Com essas informações sobre as defesas inatas do corpo humano contra o Ebola, os pesquisadores esperam ver se a autofagia pode ser um fator em outras infecções virais hemorrágicas, como as que causam a febre de Marburg e Lassa. E embora os experimentos atuais tenham sido conduzidos principalmente usando linhagens de células hepáticas humanas, a equipe também gostaria de testar se a autofagia e a via mTORC1 estão envolvidas na defesa viral em outros tipos de células, como os macrófagos do sistema imunológico, as células primárias envolvidas na propagação infecção.

Por fim, Harty, Liang e seus colegas esperam encontrar o maior número possível de vulnerabilidades virais, ajudando a informar medicamentos que podem ser um componente de um coquetel terapêutico, cada um direcionado a diferentes estágios da infecção, desde a entrada até a saída do vírus.

“Tudo isso se une ao nosso objetivo geral de entender as interações vírus-hospedeiro e, ao entendê-las, trabalhar para intervir para retardar ou interromper a infecção”, diz Harty.

Ronald N. Harty é professor de patobiologia e microbiologia na Escola de Medicina Veterinária da Universidade da Pensilvânia.

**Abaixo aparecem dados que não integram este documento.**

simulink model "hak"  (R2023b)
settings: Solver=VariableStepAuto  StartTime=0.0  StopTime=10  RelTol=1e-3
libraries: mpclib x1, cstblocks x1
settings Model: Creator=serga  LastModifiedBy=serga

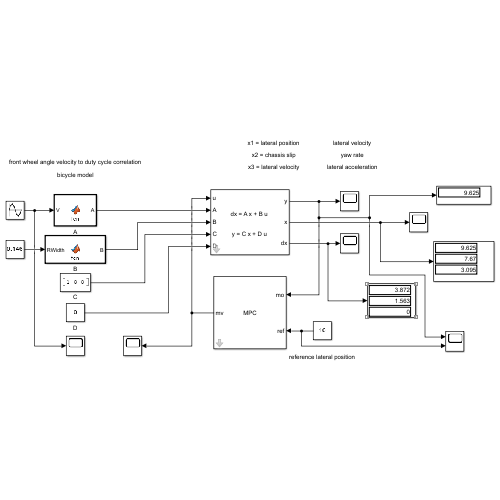
[thumbnail: Simulink's stored preview of the top-level diagram]
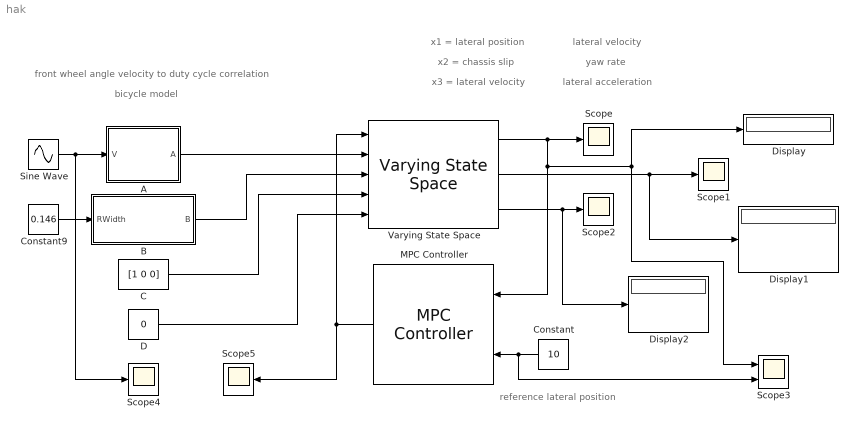
== system hak ==
  note: bicycle model
  note: front wheel angle velocity to duty cycle correlation
  note: reference lateral position
  note: lateral acceleration
  note: yaw rate
  note: lateral velocity
  note: x3 = lateral velocity
  note: x2 = chassis slip
  note: x1 = lateral position
  A : MATLAB Function  TreatAsAtomicUnit=on
  B : MATLAB Function  TreatAsAtomicUnit=on
  C : Constant  Value=[1 0 0]  VectorParams1D=off
  Constant : Constant  Value=10
  Constant9 : Constant  Value=0.146
  D : Constant  Value=0  VectorParams1D=off
  Display : Display
  Display1 : Display
  Display2 : Display
  MPC Controller : mpclib/MPC Controller  SCDEnableBlockLinearizationSpecification=on  mpcobj=mpc1  is_multiple=0  enable_value=0  return_u0=off  updateMPCinCallerWorkspace=on  md_inport=off  mv_inport=off  uref_inport=off  return_cost=off  return_mvseq=off  return_qpstatus=off  return_xseq=off  return_state=off  return_ovseq=off  state_inport=off  umin_inport=off  umax_inport=off  ymin_inport=off  ymax_inport=off  cc_inport=off  ywt_inport=off  uwt_inport=off  duwt_inport=off  rhoeps_inport=off  pm_inport=off  MaximumP=10  HorizonChoice=FixedHorizon  n_ts=0.1  n_p=50  n_mv=1  n_md=0  n_ud=0  n_mo=1  n_uo=0  BlockDataType=double  SampleTimeInherited=off  switch_inport=off
  Scope{,1..2,4..5} (5 alike) : Scope
  Scope3 : Scope  NumInputPorts=2
  Sine Wave : Sin  Amplitude=0.6  Frequency=0.1  SampleTime=0
  Varying State Space : cstblocks/Linear Parameter Varying/Varying State Space  x0=0  xNames=''  OutputX=on  OutputDX=on  Feedthrough=on
  wires:
  A/1(A) -> Varying State Space/2
  B/1(B) -> Varying State Space/3
  C/1 -> Varying State Space/4
  D/1 -> Varying State Space/5
  Constant9/1 -> B/1(RWidth)
  Varying State Space/1 -> MPC Controller/1, Display/1, Scope3/1, Scope/1
  Varying State Space/2 -> Display1/1, Scope1/1
  Varying State Space/3 -> Display2/1, Scope2/1
  MPC Controller/1 -> Scope5/1, Varying State Space/1
  Sine Wave/1 -> Scope4/1, A/1(V)
  Constant/1 -> Scope3/2, MPC Controller/2

== matlab function hak/B ==
  data: RWidth input; B output
function B = fcn(RWidth)

B = [0; ...
     0; ...
     1/RWidth];

== matlab function hak/A ==
  data: V input; A output
function A = fcn(V)

A = [0 V 0; ...
     0 0 V; ...
     0 0 0];

Jingjing Liang é pós-doutorando na Penn’s School of Veterinary Medicine.

Os coautores de Harty e Liang foram Marija A. Djurkovic e Olena Shtanko, do Texas Biomedical Research Institute. Liang foi o principal autor do estudo e Harty foi o autor correspondente.

O trabalho foi apoiado em parte pelos Institutos Nacionais de Saúde (concede AI138052, AI139392, AI153815 e EY031465 para Harty e AI154336 e AI151717 para Shtanko).